You need to be aware that Lightroom does not contain all of the functionality found in LrC. The way keywords are handled been one example and Color labels another. Some processes easily handled in batches in LrC have no batch equivalent. in Lr. iPadOS does not handle multithreaded processes the same way as MacOS. So the performance that you might expect with MacOS needs to have your expectations adjusted.
Lightroom need to store its work in the Adobe cloud,  So an internet connection is required but not continuously required.

I retained my Lightroom Classic master catalog and adopted the iPadOS and a front end to LrC.    I do most of my imports on the iPadOS and my original images eventually are sync'd back to them master catalog.  By sync'ing selected LrC collections to the Cloud , I did not use any of my plan storage  for images already in the Classic Catalog.  Adobe plans have an unlimited sync of proxy images to the cloud and down to the mobile device.   While images imported via Lightroom (mobile) are full size and consume plan storage limits.  
With the Classic catalog still in the picture, I can produce photo quality prints  and use Publish Services to manage exports.   Lightroom has limits Share and export capabilities and is unmanaged.   Also there is no way to backup Lightroom images and edit history in Lightroom like you can LrC.  If you delete an image in Lightroom Cloud, it is unrecoverable after 60 days.  So you need to be very careful about deleting images as permanent I permanent.


----------



## Jim Wilde (Sep 19, 2020)

Luc Desaulniers said:


> But.
> 
> I would like to know if it’s possible to work with both clients only by using the smart previews i.e. my RAW files would remain in the cloud. And never be stored locally on either my Mac or iPad. Is it possible?


There are some settings which you can use to help, such as using the option on the iPad to "Only Download Smart Previews" (and not using the option on the Mac to "Store a local copy of the originals"), but even with those options it is still not possible to ensure that  your originals could *never *be stored locally on either your Mac or iPad. When you import images to either device they have to be stored locally whilst they are uploaded to the cloud. Once the upload is complete in theory those locally stored originals become eligible for automatic removal, but it's fair to say that process isn't anywhere near aggressive enough (Adobe are aware of this and are supposed to be looking at making improvements in that area).

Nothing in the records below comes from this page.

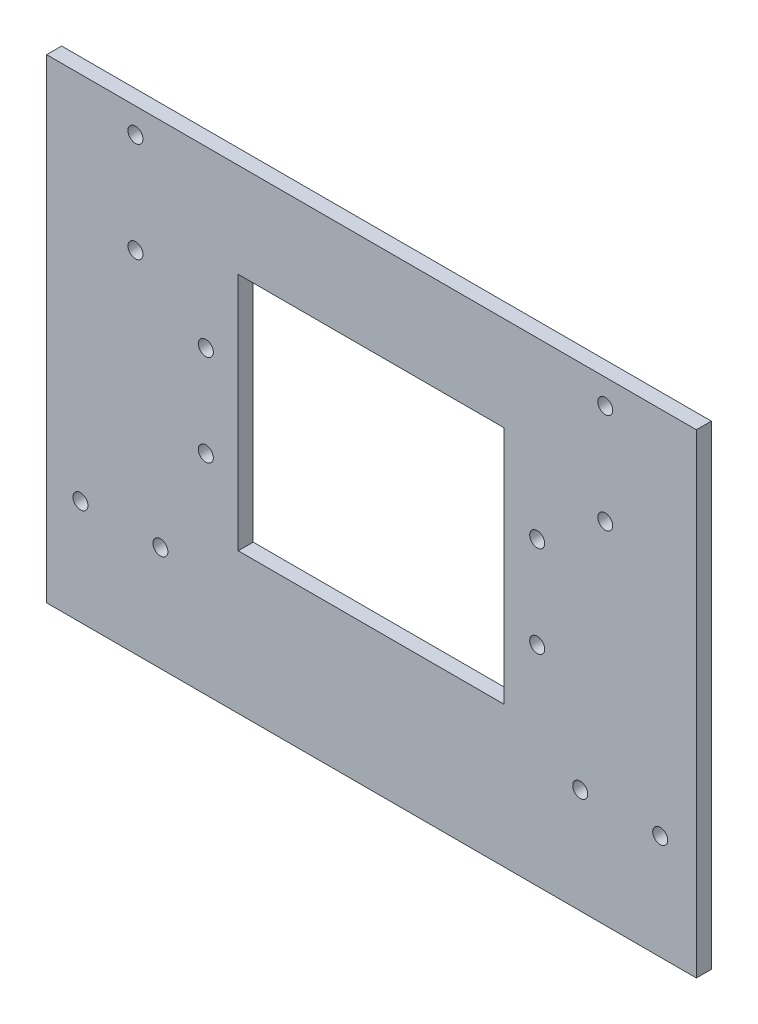
ISO-10303-21;
HEADER;
FILE_DESCRIPTION(('STEP AP214'),'2;1');
FILE_NAME('part.step','',(''),(''),'','','');
FILE_SCHEMA(('AUTOMOTIVE_DESIGN { 1 0 10303 214 1 1 1 1 }'));
ENDSEC;
DATA;
#1=APPLICATION_CONTEXT('core data for automotive mechanical design processes');
#2=APPLICATION_PROTOCOL_DEFINITION('international standard','automotive_design',2000,#1);
#3=PRODUCT_CONTEXT('',#1,'mechanical');
#4=PRODUCT('Part','Part','',(#3));
#5=PRODUCT_RELATED_PRODUCT_CATEGORY('part','',(#4));
#6=PRODUCT_DEFINITION_FORMATION('','',#4);
#7=PRODUCT_DEFINITION_CONTEXT('part definition',#1,'design');
#8=PRODUCT_DEFINITION('design','',#6,#7);
#9=PRODUCT_DEFINITION_SHAPE('','',#8);
#10=(LENGTH_UNIT() NAMED_UNIT(*) SI_UNIT(.MILLI.,.METRE.));
#11=(NAMED_UNIT(*) PLANE_ANGLE_UNIT() SI_UNIT($,.RADIAN.));
#12=(NAMED_UNIT(*) SI_UNIT($,.STERADIAN.) SOLID_ANGLE_UNIT());
#13=UNCERTAINTY_MEASURE_WITH_UNIT(LENGTH_MEASURE(1.E-05),#10,'distance_accuracy_value','');
#14=(GEOMETRIC_REPRESENTATION_CONTEXT(3) GLOBAL_UNCERTAINTY_ASSIGNED_CONTEXT((#13)) GLOBAL_UNIT_ASSIGNED_CONTEXT((#10,
#11,#12)) REPRESENTATION_CONTEXT('',''));
#15=CARTESIAN_POINT('',(0.,0.,0.));
#16=DIRECTION('',(0.,0.,1.));
#17=DIRECTION('',(1.,0.,0.));
#18=AXIS2_PLACEMENT_3D('',#15,#16,#17);
#19=CARTESIAN_POINT('',(-65.,-47.5,3.));
#20=DIRECTION('',(1.,0.,0.));
#21=DIRECTION('',(0.,0.,-1.));
#22=AXIS2_PLACEMENT_3D('',#19,#20,#21);
#23=PLANE('',#22);
#24=DIRECTION('',(0.,-1.,0.));
#25=VECTOR('',#24,1.);
#26=CARTESIAN_POINT('',(-65.,-47.5,0.));
#27=LINE('',#26,#25);
#28=CARTESIAN_POINT('',(-65.,47.5,0.));
#29=VERTEX_POINT('',#28);
#30=CARTESIAN_POINT('',(-65.,-47.5,0.));
#31=VERTEX_POINT('',#30);
#32=EDGE_CURVE('E211',#29,#31,#27,.T.);
#33=ORIENTED_EDGE('',*,*,#32,.T.);
#34=DIRECTION('',(0.,0.,-1.));
#35=VECTOR('',#34,1.);
#36=CARTESIAN_POINT('',(-65.,-47.5,3.));
#37=LINE('',#36,#35);
#38=CARTESIAN_POINT('',(-65.,-47.5,3.));
#39=VERTEX_POINT('',#38);
#40=EDGE_CURVE('E249',#39,#31,#37,.T.);
#41=ORIENTED_EDGE('',*,*,#40,.F.);
#42=DIRECTION('',(0.,-1.,0.));
#43=VECTOR('',#42,1.);
#44=CARTESIAN_POINT('',(-65.,-47.5,3.));
#45=LINE('',#44,#43);
#46=CARTESIAN_POINT('',(-65.,47.5,3.));
#47=VERTEX_POINT('',#46);
#48=EDGE_CURVE('E212',#47,#39,#45,.T.);
#49=ORIENTED_EDGE('',*,*,#48,.F.);
#50=DIRECTION('',(0.,0.,-1.));
#51=VECTOR('',#50,1.);
#52=CARTESIAN_POINT('',(-65.,47.5,3.));
#53=LINE('',#52,#51);
#54=EDGE_CURVE('E226',#47,#29,#53,.T.);
#55=ORIENTED_EDGE('',*,*,#54,.T.);
#56=EDGE_LOOP('',(#33,#41,#49,#55));
#57=FACE_BOUND('',#56,.T.);
#58=ADVANCED_FACE('F44',(#57),#23,.F.);
#59=CARTESIAN_POINT('',(65.,-47.5,3.));
#60=DIRECTION('',(0.,1.,0.));
#61=DIRECTION('',(-1.,0.,0.));
#62=AXIS2_PLACEMENT_3D('',#59,#60,#61);
#63=PLANE('',#62);
#64=DIRECTION('',(1.,0.,0.));
#65=VECTOR('',#64,1.);
#66=CARTESIAN_POINT('',(65.,-47.5,0.));
#67=LINE('',#66,#65);
#68=CARTESIAN_POINT('',(65.,-47.5,0.));
#69=VERTEX_POINT('',#68);
#70=EDGE_CURVE('E230',#31,#69,#67,.T.);
#71=ORIENTED_EDGE('',*,*,#70,.T.);
#72=DIRECTION('',(0.,0.,-1.));
#73=VECTOR('',#72,1.);
#74=CARTESIAN_POINT('',(65.,-47.5,3.));
#75=LINE('',#74,#73);
#76=CARTESIAN_POINT('',(65.,-47.5,3.));
#77=VERTEX_POINT('',#76);
#78=EDGE_CURVE('E245',#77,#69,#75,.T.);
#79=ORIENTED_EDGE('',*,*,#78,.F.);
#80=DIRECTION('',(1.,0.,0.));
#81=VECTOR('',#80,1.);
#82=CARTESIAN_POINT('',(65.,-47.5,3.));
#83=LINE('',#82,#81);
#84=EDGE_CURVE('E216',#39,#77,#83,.T.);
#85=ORIENTED_EDGE('',*,*,#84,.F.);
#86=ORIENTED_EDGE('',*,*,#40,.T.);
#87=EDGE_LOOP('',(#71,#79,#85,#86));
#88=FACE_BOUND('',#87,.T.);
#89=ADVANCED_FACE('F292',(#88),#63,.F.);
#90=CARTESIAN_POINT('',(65.,-47.5,3.));
#91=DIRECTION('',(-1.,0.,0.));
#92=DIRECTION('',(0.,0.,1.));
#93=AXIS2_PLACEMENT_3D('',#90,#91,#92);
#94=PLANE('',#93);
#95=DIRECTION('',(0.,1.,0.));
#96=VECTOR('',#95,1.);
#97=CARTESIAN_POINT('',(65.,-47.5,0.));
#98=LINE('',#97,#96);
#99=CARTESIAN_POINT('',(65.,47.5,0.));
#100=VERTEX_POINT('',#99);
#101=EDGE_CURVE('E233',#69,#100,#98,.T.);
#102=ORIENTED_EDGE('',*,*,#101,.T.);
#103=DIRECTION('',(0.,0.,-1.));
#104=VECTOR('',#103,1.);
#105=CARTESIAN_POINT('',(65.,47.5,3.));
#106=LINE('',#105,#104);
#107=CARTESIAN_POINT('',(65.,47.5,3.));
#108=VERTEX_POINT('',#107);
#109=EDGE_CURVE('E241',#108,#100,#106,.T.);
#110=ORIENTED_EDGE('',*,*,#109,.F.);
#111=DIRECTION('',(0.,1.,0.));
#112=VECTOR('',#111,1.);
#113=CARTESIAN_POINT('',(65.,-47.5,3.));
#114=LINE('',#113,#112);
#115=EDGE_CURVE('E220',#77,#108,#114,.T.);
#116=ORIENTED_EDGE('',*,*,#115,.F.);
#117=ORIENTED_EDGE('',*,*,#78,.T.);
#118=EDGE_LOOP('',(#102,#110,#116,#117));
#119=FACE_BOUND('',#118,.T.);
#120=ADVANCED_FACE('F297',(#119),#94,.F.);
#121=CARTESIAN_POINT('',(65.,47.5,3.));
#122=DIRECTION('',(0.,-1.,0.));
#123=DIRECTION('',(1.,0.,0.));
#124=AXIS2_PLACEMENT_3D('',#121,#122,#123);
#125=PLANE('',#124);
#126=DIRECTION('',(-1.,0.,0.));
#127=VECTOR('',#126,1.);
#128=CARTESIAN_POINT('',(65.,47.5,0.));
#129=LINE('',#128,#127);
#130=EDGE_CURVE('E217',#100,#29,#129,.T.);
#131=ORIENTED_EDGE('',*,*,#130,.T.);
#132=ORIENTED_EDGE('',*,*,#54,.F.);
#133=DIRECTION('',(-1.,0.,0.));
#134=VECTOR('',#133,1.);
#135=CARTESIAN_POINT('',(65.,47.5,3.));
#136=LINE('',#135,#134);
#137=EDGE_CURVE('E223',#108,#47,#136,.T.);
#138=ORIENTED_EDGE('',*,*,#137,.F.);
#139=ORIENTED_EDGE('',*,*,#109,.T.);
#140=EDGE_LOOP('',(#131,#132,#138,#139));
#141=FACE_BOUND('',#140,.T.);
#142=ADVANCED_FACE('F312',(#141),#125,.F.);
#143=CARTESIAN_POINT('',(0.,0.,3.));
#144=DIRECTION('',(0.,0.,1.));
#145=DIRECTION('',(1.,0.,0.));
#146=AXIS2_PLACEMENT_3D('',#143,#144,#145);
#147=PLANE('',#146);
#148=CARTESIAN_POINT('',(33.15,-5.69741209793691,3.));
#149=DIRECTION('',(0.,0.,1.));
#150=DIRECTION('',(1.,0.,0.));
#151=AXIS2_PLACEMENT_3D('',#148,#149,#150);
#152=CIRCLE('',#151,1.5);
#153=CARTESIAN_POINT('',(34.65,-5.69741209793691,3.));
#154=VERTEX_POINT('',#153);
#155=EDGE_CURVE('E403',#154,#154,#152,.T.);
#156=ORIENTED_EDGE('',*,*,#155,.F.);
#157=EDGE_LOOP('',(#156));
#158=FACE_BOUND('',#157,.T.);
#159=CARTESIAN_POINT('',(33.15,12.6025879020631,3.));
#160=DIRECTION('',(0.,0.,1.));
#161=DIRECTION('',(1.,0.,0.));
#162=AXIS2_PLACEMENT_3D('',#159,#160,#161);
#163=CIRCLE('',#162,1.5);
#164=CARTESIAN_POINT('',(34.65,12.6025879020631,3.));
#165=VERTEX_POINT('',#164);
#166=EDGE_CURVE('E406',#165,#165,#163,.T.);
#167=ORIENTED_EDGE('',*,*,#166,.F.);
#168=EDGE_LOOP('',(#167));
#169=FACE_BOUND('',#168,.T.);
#170=CARTESIAN_POINT('',(-33.15,-5.69741209793692,3.));
#171=DIRECTION('',(0.,0.,1.));
#172=DIRECTION('',(1.,0.,0.));
#173=AXIS2_PLACEMENT_3D('',#170,#171,#172);
#174=CIRCLE('',#173,1.5);
#175=CARTESIAN_POINT('',(-31.65,-5.69741209793692,3.));
#176=VERTEX_POINT('',#175);
#177=EDGE_CURVE('E400',#176,#176,#174,.T.);
#178=ORIENTED_EDGE('',*,*,#177,.F.);
#179=EDGE_LOOP('',(#178));
#180=FACE_BOUND('',#179,.T.);
#181=CARTESIAN_POINT('',(-33.15,12.6025879020631,3.));
#182=DIRECTION('',(0.,0.,1.));
#183=DIRECTION('',(1.,0.,0.));
#184=AXIS2_PLACEMENT_3D('',#181,#182,#183);
#185=CIRCLE('',#184,1.5);
#186=CARTESIAN_POINT('',(-31.65,12.6025879020631,3.));
#187=VERTEX_POINT('',#186);
#188=EDGE_CURVE('E397',#187,#187,#185,.T.);
#189=ORIENTED_EDGE('',*,*,#188,.F.);
#190=EDGE_LOOP('',(#189));
#191=FACE_BOUND('',#190,.T.);
#192=DIRECTION('',(0.,-1.,0.));
#193=VECTOR('',#192,1.);
#194=CARTESIAN_POINT('',(-26.6718393666352,-19.3053115784174,3.));
#195=LINE('',#194,#193);
#196=CARTESIAN_POINT('',(-26.6718393666352,28.6025879020631,3.));
#197=VERTEX_POINT('',#196);
#198=CARTESIAN_POINT('',(-26.6718393666352,-19.3053115784174,3.));
#199=VERTEX_POINT('',#198);
#200=EDGE_CURVE('E61',#197,#199,#195,.T.);
#201=ORIENTED_EDGE('',*,*,#200,.F.);
#202=DIRECTION('',(-1.,0.,0.));
#203=VECTOR('',#202,1.);
#204=CARTESIAN_POINT('',(-26.6718393666352,28.6025879020631,3.));
#205=LINE('',#204,#203);
#206=CARTESIAN_POINT('',(26.4781370833923,28.6025879020631,3.));
#207=VERTEX_POINT('',#206);
#208=EDGE_CURVE('E132',#207,#197,#205,.T.);
#209=ORIENTED_EDGE('',*,*,#208,.F.);
#210=DIRECTION('',(0.,1.,0.));
#211=VECTOR('',#210,1.);
#212=CARTESIAN_POINT('',(26.4781370833923,-19.3053115784174,3.));
#213=LINE('',#212,#211);
#214=CARTESIAN_POINT('',(26.4781370833923,-19.3053115784174,3.));
#215=VERTEX_POINT('',#214);
#216=EDGE_CURVE('E114',#215,#207,#213,.T.);
#217=ORIENTED_EDGE('',*,*,#216,.F.);
#218=DIRECTION('',(1.,0.,0.));
#219=VECTOR('',#218,1.);
#220=CARTESIAN_POINT('',(-26.6718393666352,-19.3053115784174,3.));
#221=LINE('',#220,#219);
#222=EDGE_CURVE('E124',#199,#215,#221,.T.);
#223=ORIENTED_EDGE('',*,*,#222,.F.);
#224=EDGE_LOOP('',(#201,#209,#217,#223));
#225=FACE_BOUND('',#224,.T.);
#226=CARTESIAN_POINT('',(46.7671126155352,22.5,3.));
#227=DIRECTION('',(0.,0.,1.));
#228=DIRECTION('',(1.,0.,0.));
#229=AXIS2_PLACEMENT_3D('',#226,#227,#228);
#230=CIRCLE('',#229,1.5);
#231=CARTESIAN_POINT('',(48.2671126155352,22.5,3.));
#232=VERTEX_POINT('',#231);
#233=EDGE_CURVE('E175',#232,#232,#230,.T.);
#234=ORIENTED_EDGE('',*,*,#233,.F.);
#235=EDGE_LOOP('',(#234));
#236=FACE_BOUND('',#235,.T.);
#237=CARTESIAN_POINT('',(-47.2328873844649,42.5,3.));
#238=DIRECTION('',(0.,0.,1.));
#239=DIRECTION('',(1.,0.,0.));
#240=AXIS2_PLACEMENT_3D('',#237,#238,#239);
#241=CIRCLE('',#240,1.5);
#242=CARTESIAN_POINT('',(-45.7328873844649,42.5,3.));
#243=VERTEX_POINT('',#242);
#244=EDGE_CURVE('E171',#243,#243,#241,.T.);
#245=ORIENTED_EDGE('',*,*,#244,.F.);
#246=EDGE_LOOP('',(#245));
#247=FACE_BOUND('',#246,.T.);
#248=CARTESIAN_POINT('',(-47.2328873844649,22.5,3.));
#249=DIRECTION('',(0.,0.,1.));
#250=DIRECTION('',(1.,0.,0.));
#251=AXIS2_PLACEMENT_3D('',#248,#249,#250);
#252=CIRCLE('',#251,1.5);
#253=CARTESIAN_POINT('',(-45.7328873844649,22.5,3.));
#254=VERTEX_POINT('',#253);
#255=EDGE_CURVE('E167',#254,#254,#252,.T.);
#256=ORIENTED_EDGE('',*,*,#255,.F.);
#257=EDGE_LOOP('',(#256));
#258=FACE_BOUND('',#257,.T.);
#259=CARTESIAN_POINT('',(46.7671126155352,42.5,3.));
#260=DIRECTION('',(0.,0.,1.));
#261=DIRECTION('',(1.,0.,0.));
#262=AXIS2_PLACEMENT_3D('',#259,#260,#261);
#263=CIRCLE('',#262,1.5);
#264=CARTESIAN_POINT('',(48.2671126155352,42.5,3.));
#265=VERTEX_POINT('',#264);
#266=EDGE_CURVE('E163',#265,#265,#263,.T.);
#267=ORIENTED_EDGE('',*,*,#266,.F.);
#268=EDGE_LOOP('',(#267));
#269=FACE_BOUND('',#268,.T.);
#270=CARTESIAN_POINT('',(57.7671126155351,-26.5,3.));
#271=DIRECTION('',(0.,0.,1.));
#272=DIRECTION('',(1.,0.,0.));
#273=AXIS2_PLACEMENT_3D('',#270,#271,#272);
#274=CIRCLE('',#273,1.5);
#275=CARTESIAN_POINT('',(59.2671126155351,-26.5,3.));
#276=VERTEX_POINT('',#275);
#277=EDGE_CURVE('E207',#276,#276,#274,.T.);
#278=ORIENTED_EDGE('',*,*,#277,.F.);
#279=EDGE_LOOP('',(#278));
#280=FACE_BOUND('',#279,.T.);
#281=CARTESIAN_POINT('',(41.7671126155351,-26.5,3.));
#282=DIRECTION('',(0.,0.,1.));
#283=DIRECTION('',(1.,0.,0.));
#284=AXIS2_PLACEMENT_3D('',#281,#282,#283);
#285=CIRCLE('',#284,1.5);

You can, however, manually delete the locally stored originals...after first making sure that they are all synced to the cloud, of course. But even after doing that some originals will always find their way back to the local device, i.e. when you edit or zoom into 1:1 on an image Lightroom will download the original from the cloud (if the device is online). Again, once you've finished your work with a particular image it becomes eligible for automatic deletion, but that possibly won't happen quickly enough for you. The "Clear Cache" command on the iPad will become your friend in those circumstances, and on the Mac you'll need to know where the originals are being stored if you feel the need to keep manually deleting them (personally, I don't worry about it, as I have no space constraints on the hard drive that I use for the local originals).


----------



## markquatz (Oct 10, 2020)

clee01l said:


> I retained my Lightroom Classic master catalog and adopted the iPadOS and a front end to LrC.    I do most of my imports on the iPadOS and my original images eventually are sync'd back to them master catalog.  By sync'ing selected LrC collections to the Cloud , I did not use any of my plan storage  for images already in the Classic Catalog.  Adobe plans have an unlimited sync of proxy images to the cloud and down to the mobile device.   While images imported via Lightroom (mobile) are full size and consume plan storage limits.



I am trying to figure out a workflow in which I can use Lightroom cc on my iPad together with classic on my desktop.
So when I am not traveling, import raw files in Classic on my desktop, edit them and be able to see the result (in full resolution) on my iPad.
And when I am traveling, import the raw files on my iPad, edit them and (after getting home) be able to see and edit the raw files on my desktop. 
So I use collections in Lr -Classic. Those images are indeed synced to my iPad. However, when changing an edit on my iPad, it doesnt sync those edits back to Lr-Classic. Do I understand it correct that you are able to do this?


----------



## clee01l (Oct 10, 2020)

markquatz said:


> So I use collections in Lr -Classic. Those images are indeed synced to my iPad. However, when changing an edit on my iPad, it doesnt sync those edits back to Lr-Classic. Do I understand it correct that you are able to do this?


Yes.   The iPad syncs what I import there to the cloud. This includes any changes, flags or edits.  The cloud syncs to Classic.  All of the sync'd images show up in the "All Synched Photographs" special collection in the Catalog panel.   In Classic, when synching is complete these images will be present with any changes, flags or edits.


----------



## johnbeardy (Oct 10, 2020)

markquatz said:


> However, when changing an edit on my iPad, it doesnt sync those edits back to Lr-Classic. Do I understand it correct that you are able to do this?


I'd suggest testing this carefully because it should do sync those edits automatically.  You aren't importing the raw files a second time, directly into Classic, are you?


----------